== DATA TO USE

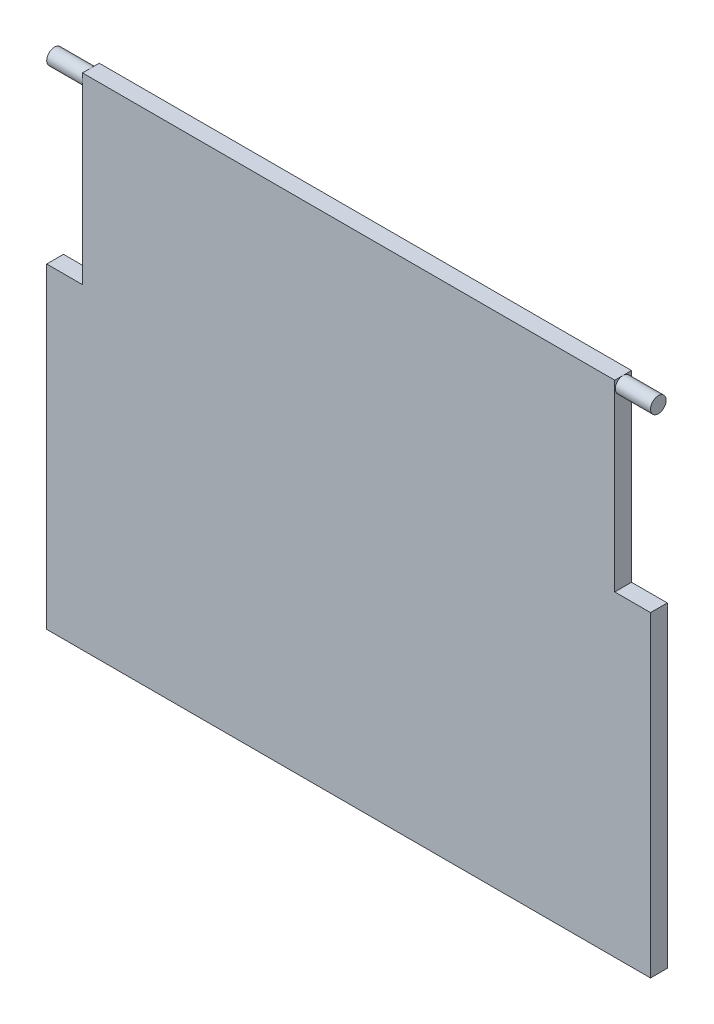
SolidWorks part; units mm, degrees
material "ABS"
ref_plane "Front Plane" through (0, 0, 0) normal (0, 0, 1) x (1, 0, 0)
ref_plane "Top Plane" through (0, 0, 0) normal (0, 1, 0) x (1, 0, 0)
ref_plane "Right Plane" through (0, 0, 0) normal (1, 0, 0) x (0, 0, -1)
sketch "Sketch1" plane through (0, 0, 0) normal (0, 0, 1) x (1, 0, 0)
  line L0 (47.6, 0) -> (50.75, 0)
  line L2 (0, 0) -> (0, -15)
  line L4 (47.6, 0) -> (47.6, -15)
  line L5 (-3.25, 1.4) -> (5.1, 1.4)
  line L6 (-3.25, 1.4) -> (-3.25, 0)
  line L7 (-3.25, 0) -> (0, 0)
  line L8 (50.75, 1.4) -> (50.75, 0)
  line L9 (0, -15) -> (-3.2, -15)
  line L10 (50.8, -43.3) -> (-3.2, -43.3)
  line L11 (50.8, -43.3) -> (50.8, -15)
  line L12 (50.8, -15) -> (47.6, -15)
  line L13 (-3.2, -43.3) -> (-3.2, -15)
  line L14 (42.5, 1.4) -> (50.75, 1.4)
  line L19 (42.5, 1.4) -> (5.1, 1.4)
  point P2 (23.8, -43.3)
  dimension "D1" = 3.2
  dimension "D2" = 54
  dimension "D3" = 1.4
  dimension "D5" = 54
  dimension "D6" = 15
  dimension "D7" = 28.3
  dimension "D9" = 3.2
extrude "Boss-Extrude1" add sketch "Sketch1" along normal blind 1.5 contours L13 L10 L11 L12 L4 L0 L8 L5 L6 L7 L2 L9 region at (23.7984, -21.5071, 0)
sketch "Sketch3" plane through (-3.25, 0, 0) normal (-1, 0, 0) x (0, 0, 1)
  line L0 (0.75, 1.4) -> (0.75, 0) construction
  line L4 (0, 1.4) -> (0, 0)
  line L5 (0, 0) -> (1.5, 0)
  line L6 (1.5, 0) -> (1.5, 1.4)
  line L7 (1.5, 1.4) -> (0, 1.4)
  line L8 (0, 1.4) -> (0, 0)
  line L9 (0, 0) -> (1.5, 0)
  line L10 (1.5, 0) -> (1.5, 1.4)
  line L11 (1.5, 1.4) -> (0, 1.4)
  circle A0 centre (0.75, 0.7) radius 0.7
  line M6 (0, 1.4) -> (0, 0)
  line M7 (0, 0) -> (1.5, 0)
  line M8 (1.5, 0) -> (1.5, 1.4)
  line M9 (1.5, 1.4) -> (0, 1.4)
  dimension "D1" = 0
extrude "Cut-Extrude5" cut sketch "Sketch3" against normal up to surface (3.25 mm away) contours A0 L11 M6 | A0 L10 M9 | A0 L9 M8 | A0 L8 M7 region at (-3.25, 1.3841, 0.375) region at (-3.25, 1.3841, 1.125) up to face at (0, -7.5, 0.75)
extrude "Cut-Extrude6" cut sketch "Sketch3<4>" along direction (1, 0, 0) on the side of the normal up to surface (-50.85 mm away) from surface contours A0 L8 M7 | A0 L11 M6 | A0 L10 M9 | A0 L9 M8 region at (-3.25, 1.3841, 0.375) region at (-3.25, 1.3841, 1.125) up to face at (47.6, -7.5, 0.75) starting at face at (50.75, 0.7, 0.75)
sketch "Sketch3<4>" plane through (-3.25, 0, 0) normal (-1, 0, 0) x (0, 0, 1) same geometry as "Sketch3"

====

ASSIGNMENT |
All lines above containing the string "dimension": copy each one.

TASK OUTPUT |
  dimension "D1" = 3.2
  dimension "D2" = 54
  dimension "D3" = 1.4
  dimension "D5" = 54
  dimension "D6" = 15
  dimension "D7" = 28.3
  dimension "D9" = 3.2
  dimension "D1" = 0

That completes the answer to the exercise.